Omg so i just got my new baby rex dumbo, Milo, like an hour ago. He is gorgeous...a little timid but hes only about 4 weeks old or so, hasnt had much human contact yet, We will get him loving humans in no time. I might actually be back to buy his brother later tonight..i just couldnt decide, im sure ill letcha know if that happens though. lol. here is is!


----------



## ratastic (Jul 1, 2007)

He's adorable!!


----------



## abazoo (Mar 21, 2009)

He's the most adroable cotten ball I've ever seen :-*


----------



## adoraluna (May 9, 2009)

OMG! I LOVE HIM!!!! Normally I'm not into the rex curly fur, but he really looks like a cotton ball with a head.

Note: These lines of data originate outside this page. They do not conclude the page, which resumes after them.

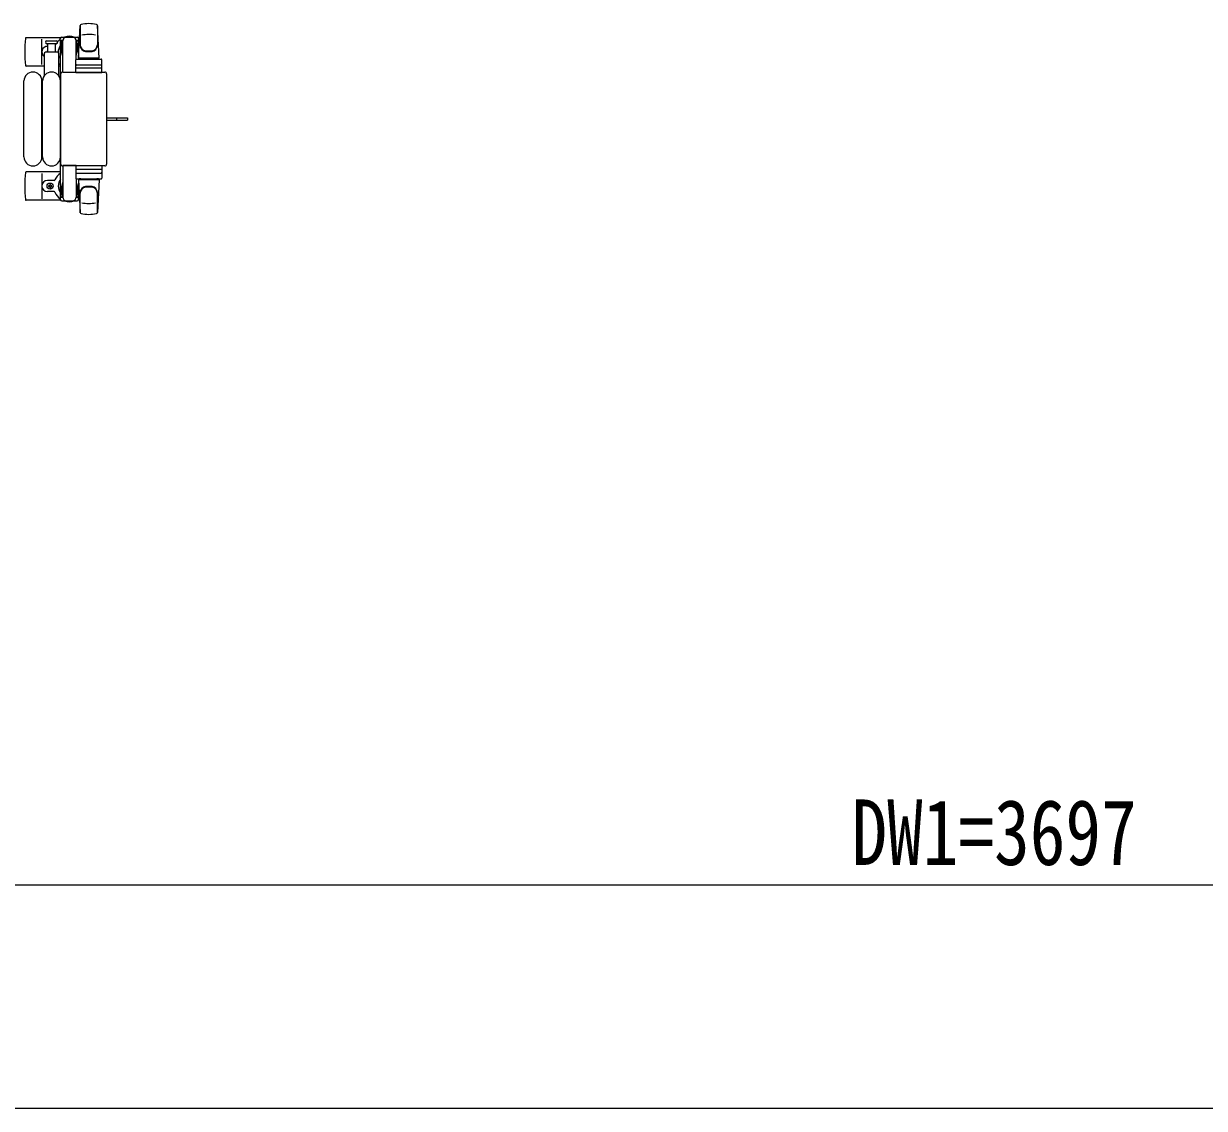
# Model space of a CAD drawing. Units: millimetres, scale not verified. Extents: x -16820 to 16820, y -11880 to 11880.
# Drawn here: x 1241 to 2826, y -445 to 1011 of the extents above; entities that cross this region are included whole.
import ezdxf
from ezdxf.enums import TextEntityAlignment as Align

# ---------------------------------------------------------------- set-up
doc = ezdxf.new("R2010")
doc.units = ezdxf.units.MM
doc.header["$LTSCALE"] = 50
for name, color, linetype in [('0-3_YKK_13', 4, 'Continuous'), ('0-4_YKK_A1', 4, 'Continuous'), ('0-5_YKK_D', 6, 'Continuous')]:
    doc.layers.add(name, color=color, linetype=linetype)
doc.styles.add('ＭＳ ゴシック', font='')
doc.styles.get('ＭＳ ゴシック').set_extended_font_data('MS Gothic')

msp = doc.modelspace()

# ---------------------------------------------------------------- linework, layer by layer
at = {"layer": '0-3_YKK_13'}
for p, q in [((1314.09, 964.51), (1316.52, 1008.53)), ((1316.59, 1008.89), (1316.59, 981.7)), ((1339.59, 1008.11), (1339.59, 982.38)), ((1342.09, 964.51), (1339.65, 1008.53)), ((1290.05, 992.01), (1243.99, 992.01)), ((1265.09, 956.01), (1265.09, 990.01)), ((1284.34, 984.01), (1271.84, 984.01)), ((1272.59, 984.01), (1272.59, 972.51)), ((1283.59, 972.51), (1283.59, 984.01)), ((1289.79, 988.21), (1289.79, 991.01)), ((1293.09, 988.21), (1289.79, 988.21)), ((1291.29, 984.71), (1292.09, 984.71)), ((1291.29, 974.19), (1291.29, 984.71)), ((1291.79, 993.01), (1312.39, 993.01)), ((1292.09, 971.21), (1292.09, 988.21)), ((1293.09, 945.51), (1293.09, 988.01)), ((1311.09, 963.37), (1311.09, 988.01)), ((1312.09, 971.21), (1312.09, 988.21)), ((1312.89, 984.71), (1312.09, 984.71)), ((1312.89, 974.19), (1312.89, 984.71)), ((1268.09, 970.51), (1268.09, 942.68)), ((1286.09, 972.51), (1270.09, 972.51)), ((1288.09, 942.68), (1288.09, 970.51)), ((1292.89, 968.21), (1291.29, 974.19)), ((1292.89, 968.21), (1293.09, 968.21)), ((1311.28, 968.21), (1311.09, 968.21)), ((1311.28, 968.21), (1312.89, 974.19)), ((1268.09, 954.01), (1243.99, 954.01)), ((1290.09, 954.01), (1288.09, 954.01)), ((1310.59, 945.51), (1310.59, 962.51)), ((1311.59, 963.51), (1344.59, 963.51)), ((1311.59, 955.51), (1344.59, 955.51)), ((1342.09, 964.51), (1314.09, 964.51)), ((1315.09, 963.51), (1315.09, 964.51)), ((1341.09, 964.51), (1315.09, 964.51)), ((1317.49, 963.51), (1315.09, 963.51)), ((1341.09, 963.51), (1338.69, 963.51)), ((1341.09, 963.51), (1341.09, 964.51)), ((1345.59, 945.51), (1345.59, 962.51)), ((1290.59, 822.5), (1290.59, 943.51)), ((1290.59, 943.51), (1290.59, 943.51)), ((1293.08, 946.01), (1349.59, 946.01)), ((1293.08, 946.01), (1293.08, 946.01)), ((1311.09, 945.51), (1293.09, 945.51)), ((1310.59, 945.51), (1345.59, 945.51)), ((1344.65, 951.01), (1311.47, 951.01)), ((1349.59, 946.01), (1349.59, 946.01)), ((1352.09, 943.51), (1352.09, 822.5)), ((1352.09, 943.51), (1352.09, 943.51)), ((1241.09, 832.01), (1241.09, 934.01)), ((1265.09, 832.01), (1265.09, 934.01)), ((1266.09, 832.01), (1266.09, 934.01)), ((1290.09, 832.01), (1290.09, 934.01)), ((1352.09, 881.51), (1364.59, 881.51)), ((1364.59, 881.51), (1380.09, 881.51)), ((1365.24, 884.51), (1365.24, 881.51)), ((1380.09, 884.51), (1380.09, 881.51)), ((1290.09, 812.01), (1243.99, 812.01)), ((1265.09, 810.01), (1265.09, 776.01)), ((1290.59, 822.5), (1290.59, 822.5)), ((1349.59, 820.01), (1293.08, 820.01)), ((1293.08, 820.01), (1293.08, 820.01)), ((1293.09, 820.51), (1293.09, 778.01)), ((1311.09, 820.51), (1293.09, 820.51)), ((1310.59, 820.51), (1310.59, 803.51)), ((1310.59, 820.51), (1345.59, 820.51)), ((1344.65, 815.01), (1311.47, 815.01)), ((1311.59, 810.51), (1344.59, 810.51)), ((1345.59, 820.51), (1345.59, 803.51)), ((1349.59, 820.01), (1349.59, 820.01)), ((1352.09, 822.5), (1352.09, 822.5)), ((1281.79, 800.51), (1272.59, 800.51)), ((1274.77, 793.45), (1273.89, 793.45)), ((1292.89, 797.81), (1291.29, 791.82)), ((1292.09, 794.81), (1292.09, 777.81)), ((1292.89, 797.81), (1293.09, 797.81)), ((1311.09, 802.64), (1311.09, 778.01)), ((1311.28, 797.81), (1311.09, 797.81)), ((1311.28, 797.81), (1312.89, 791.82)), ((1311.59, 802.51), (1344.59, 802.51)), ((1312.09, 794.81), (1312.09, 777.81)), ((1314.09, 801.51), (1316.52, 757.48)), ((1342.09, 801.51), (1314.09, 801.51)), ((1317.49, 802.51), (1315.09, 802.51)), ((1315.09, 802.51), (1315.09, 801.51)), ((1341.09, 801.51), (1315.09, 801.51)), ((1341.09, 802.51), (1338.69, 802.51)), ((1342.09, 801.51), (1339.65, 757.48)), ((1341.09, 802.51), (1341.09, 801.51)), ((1281.79, 785.51), (1272.59, 785.51)), ((1277.41, 792.57), (1278.29, 792.57)), ((1289.79, 777.81), (1289.79, 775.01)), ((1293.09, 777.81), (1289.79, 777.81)), ((1291.29, 791.82), (1291.29, 781.31)), ((1291.29, 781.31), (1292.09, 781.31)), ((1312.89, 781.31), (1312.09, 781.31)), ((1312.89, 791.82), (1312.89, 781.31)), ((1316.59, 757.12), (1316.59, 784.31)), ((1339.59, 757.9), (1339.59, 783.63)), ((1290.05, 774.01), (1243.99, 774.01)), ((1291.79, 773.01), (1312.39, 773.01))]:
    msp.add_line(p, q, dxfattribs=at)
for points in [[(1271.84, 988.01), (1278.09, 988.01), (1284.34, 988.01)], [(1314.39, 991.01), (1314.39, 988.21), (1311.09, 988.21)], [(1352.09, 884.51), (1364.59, 884.51), (1380.09, 884.51)], [(1273.89, 793.45), (1273.89, 792.57), (1274.77, 792.57)], [(1276.53, 794.33), (1276.53, 795.21), (1275.65, 795.21), (1275.65, 794.33)], [(1278.29, 792.57), (1278.29, 793.45), (1277.41, 793.45)], [(1275.65, 791.69), (1275.65, 790.81), (1276.53, 790.81), (1276.53, 791.69)], [(1314.39, 775.01), (1314.39, 777.81), (1311.09, 777.81)]]:
    msp.add_lwpolyline(points, dxfattribs=at)
msp.add_circle((1276.09, 793.01), 4, dxfattribs=at)
for centre, radius, start, end in [((1318.02, 1008.45), 1.5, 101.97738, 176.83138), ((1328.09, 961.01), 50, 78.05356, 101.97738), ((1328.09, 961.01), 50, 78.05356, 101.94644), ((1338.15, 1008.45), 1.5, 3.16862, 78.02262), ((1423.09, 973.01), 181, 174.26083, 185.73917), ((1243.99, 991.01), 1, 90, 174.26083), ((1271.84, 986.01), 2, 90, 180), ((1271.84, 986.01), 2, 180, 270), ((1302.09, 973.01), 21, 148.41179, 151.75749), ((1284.34, 986.01), 2, 0, 90), ((1284.34, 986.01), 2, 270, 0), ((1302.09, 973.01), 21, 125.85347, 139.16521), ((1291.79, 991.01), 2, 90, 180), ((1298.09, 988.01), 5, 90, 180), ((1302.09, 973.01), 21, 72.24721, 107.75279), ((1306.09, 988.01), 5, 0, 90), ((1312.39, 991.01), 2, 0, 90), ((1302.09, 973.01), 21, 50.46632, 54.14653), ((1328.09, 946.41), 50, 79.45053, 100.87665), ((1272.59, 973.01), 7.5, 90, 233.13006), ((1270.09, 970.51), 2, 90, 180), ((1276.09, 973.01), 4, 151.04512, 187.18041), ((1286.09, 970.51), 2, 0, 90), ((1302.09, 973.01), 15, 143.1301, 182.97995), ((1302.09, 973.01), 15, 201.03942, 216.8699), ((1302.09, 973.01), 15, 30.72246, 36.8699), ((1324.59, 982.57), 8, 180, 263.72071), ((1324.59, 981.7), 8, 180, 263.72071), ((1328.09, 1014.38), 40, 263.72071, 276.27929), ((1328.09, 1013.51), 40, 263.72071, 276.27929), ((1331.59, 982.57), 8, 276.27929, 0), ((1331.59, 981.7), 8, 276.27929, 0), ((1243.99, 955.01), 1, 185.73917, 270), ((1302.09, 973.01), 21, 228.18967, 235.1501), ((1311.59, 962.51), 1, 90, 180), ((1311.59, 954.51), 1, 90, 180), ((1344.59, 962.51), 1, 0, 90), ((1344.59, 954.51), 1, 0, 90), ((1253.09, 934.01), 12, 0, 180), ((1278.09, 934.01), 12, 0, 180), ((1269.09, 942.68), 1, 180, 258.06054), ((1287.09, 942.68), 1, 281.93953, 0), ((1253.09, 832.01), 12, 180, 0), ((1278.09, 832.01), 12, 180, 0), ((1423.09, 793.01), 181, 174.26083, 185.73917), ((1243.99, 811.01), 1, 90, 174.26083), ((1302.09, 793.01), 21, 124.8499, 157.27158), ((1311.59, 811.51), 1, 180, 270), ((1344.59, 811.51), 1, 270, 0), ((1272.59, 793.01), 7.5, 90, 270), ((1274.77, 794.33), 0.88, 270, 0), ((1277.41, 794.33), 0.88, 180, 270), ((1281.79, 801.51), 1, 270, 337.27158), ((1302.09, 793.01), 15, 143.1301, 216.8699), ((1311.59, 803.51), 1, 180, 270), ((1344.59, 803.51), 1, 270, 0), ((1274.77, 791.69), 0.88, 0, 90), ((1277.41, 791.69), 0.88, 90, 180), ((1281.79, 784.51), 1, 22.72842, 90), ((1302.09, 793.01), 21, 202.72842, 234.14653), ((1298.09, 778.01), 5, 180, 270), ((1306.09, 778.01), 5, 270, 0), ((1302.09, 793.01), 15, 323.1301, 329.27754), ((1324.59, 784.31), 8, 96.27929, 180), ((1324.59, 783.44), 8, 96.27929, 180), ((1328.09, 752.51), 40, 83.72071, 96.27929), ((1328.09, 751.63), 40, 83.72071, 96.27929), ((1331.59, 784.31), 8, 0, 83.72071), ((1331.59, 783.44), 8, 0, 83.72071), ((1243.99, 775.01), 1, 185.73917, 270), ((1291.79, 775.01), 2, 180, 270), ((1302.09, 793.01), 21, 252.24721, 287.75279), ((1312.39, 775.01), 2, 270, 0), ((1302.09, 793.01), 21, 305.85347, 309.53368), ((1328.09, 819.61), 50, 259.12335, 280.54947), ((1318.02, 757.56), 1.5, 183.16862, 258.02262), ((1328.09, 805.01), 50, 258.02262, 281.94644), ((1328.09, 805.01), 50, 258.05356, 281.94644), ((1338.15, 757.56), 1.5, 281.97738, 356.83138)]:
    msp.add_arc(centre, radius, start, end, dxfattribs=at)
for centre, major_axis, start_param, end_param in [((1293.09, 943.5), (1.77, -1.77), 2.358058, 3.9251274), ((1349.58, 943.5), (-1.77, -1.77), 2.358058, 3.9251274), ((1293.09, 822.51), (-1.77, -1.77), 5.4996506, 7.06672), ((1349.58, 822.51), (1.77, -1.77), 5.4996506, 7.06672)]:
    msp.add_ellipse(centre, major_axis=major_axis, ratio=0.997169, start_param=start_param, end_param=end_param, dxfattribs=at)
at = {"layer": '0-4_YKK_A1'}
for p, q in [((1290.09, 778.01), (1290.09, 988.01)), ((1290.09, 988.01), (1292.09, 988.01)), ((1312.09, 988.01), (1314.09, 988.01)), ((1314.09, 988.01), (1314.09, 963.51)), ((1314.09, 802.51), (1314.09, 778.01)), ((1293.09, 778.01), (1290.09, 778.01)), ((1314.09, 778.01), (1311.09, 778.01))]:
    msp.add_line(p, q, dxfattribs=at)
at = {"layer": '0-5_YKK_D'}
for p, q in [((804.59, -144.99), (4501.59, -144.99)), ((8212.59, -444.99), (804.59, -444.99))]:
    msp.add_line(p, q, dxfattribs=at)

# ---------------------------------------------------------------- texts
at = {"layer": '0-5_YKK_D', "style": 'ＭＳ ゴシック', "width": 0.8}
msp.add_text('DW1=3697', height=87.98, dxfattribs=at).set_placement((2352.29, -144.73), align=Align.BOTTOM_LEFT)

doc.saveas('drawing.dxf')

He's the most adorable little boy.


----------



## kandyluvr (May 23, 2009)

You should have named him over-sized cotton ball LOL!


----------



## ShadowPhoenix (May 27, 2009)

Lmao he really does look like a cotton ball


----------



## Siwain (Feb 25, 2008)

He's so beautiful!!  And he looks like the sweetest little guy! I'm sure he'll love humans in no time!


----------



## NewRatMom (May 3, 2009)

AWWWE!


----------



## Gats1788 (Mar 14, 2009)

yeah cute, Buy his brother, always a good idea to have 2 rats.


----------



## dragonegg (Oct 2, 2007)

He's the cutest rat I've ever seen!!! You must go back for his brother! I know I would!!!


----------



## SpinningLoafers (May 7, 2009)

lol, well no i didnt end up getting his brother....i guess i forgot to tell you i already have 6 boys at home that hes living with. lol...hes definitiely not alone..check out my other threads on here lol theres plenty of pictures. I decided i wanted to get a couple more rats, there was a little of dumbos that i was waiting on, and i told myself i would get two from the litter, but turns out i absolutely fell in love with a little top eared bugger at the same place and got him instead. Good news is there were only two boys left in the litter after i took Milo, and somebody adopted both of them together. So theres no loners. thanks so much for your response to my baby. Hes beaming. lol


----------



## daZblu (Apr 10, 2009)

LOLOL! He looks like a little sheep! awwwwww so cuute!


----------



## rattie4135luv (Feb 18, 2009)

He is so beautiful! I'm jealous, I'm looking for a female dumbo rex or velveteen and haven't found any near NJ yet!


----------



## Lynngenny (Jun 4, 2009)

Rex and Dumbo, tooooooo cute!


----------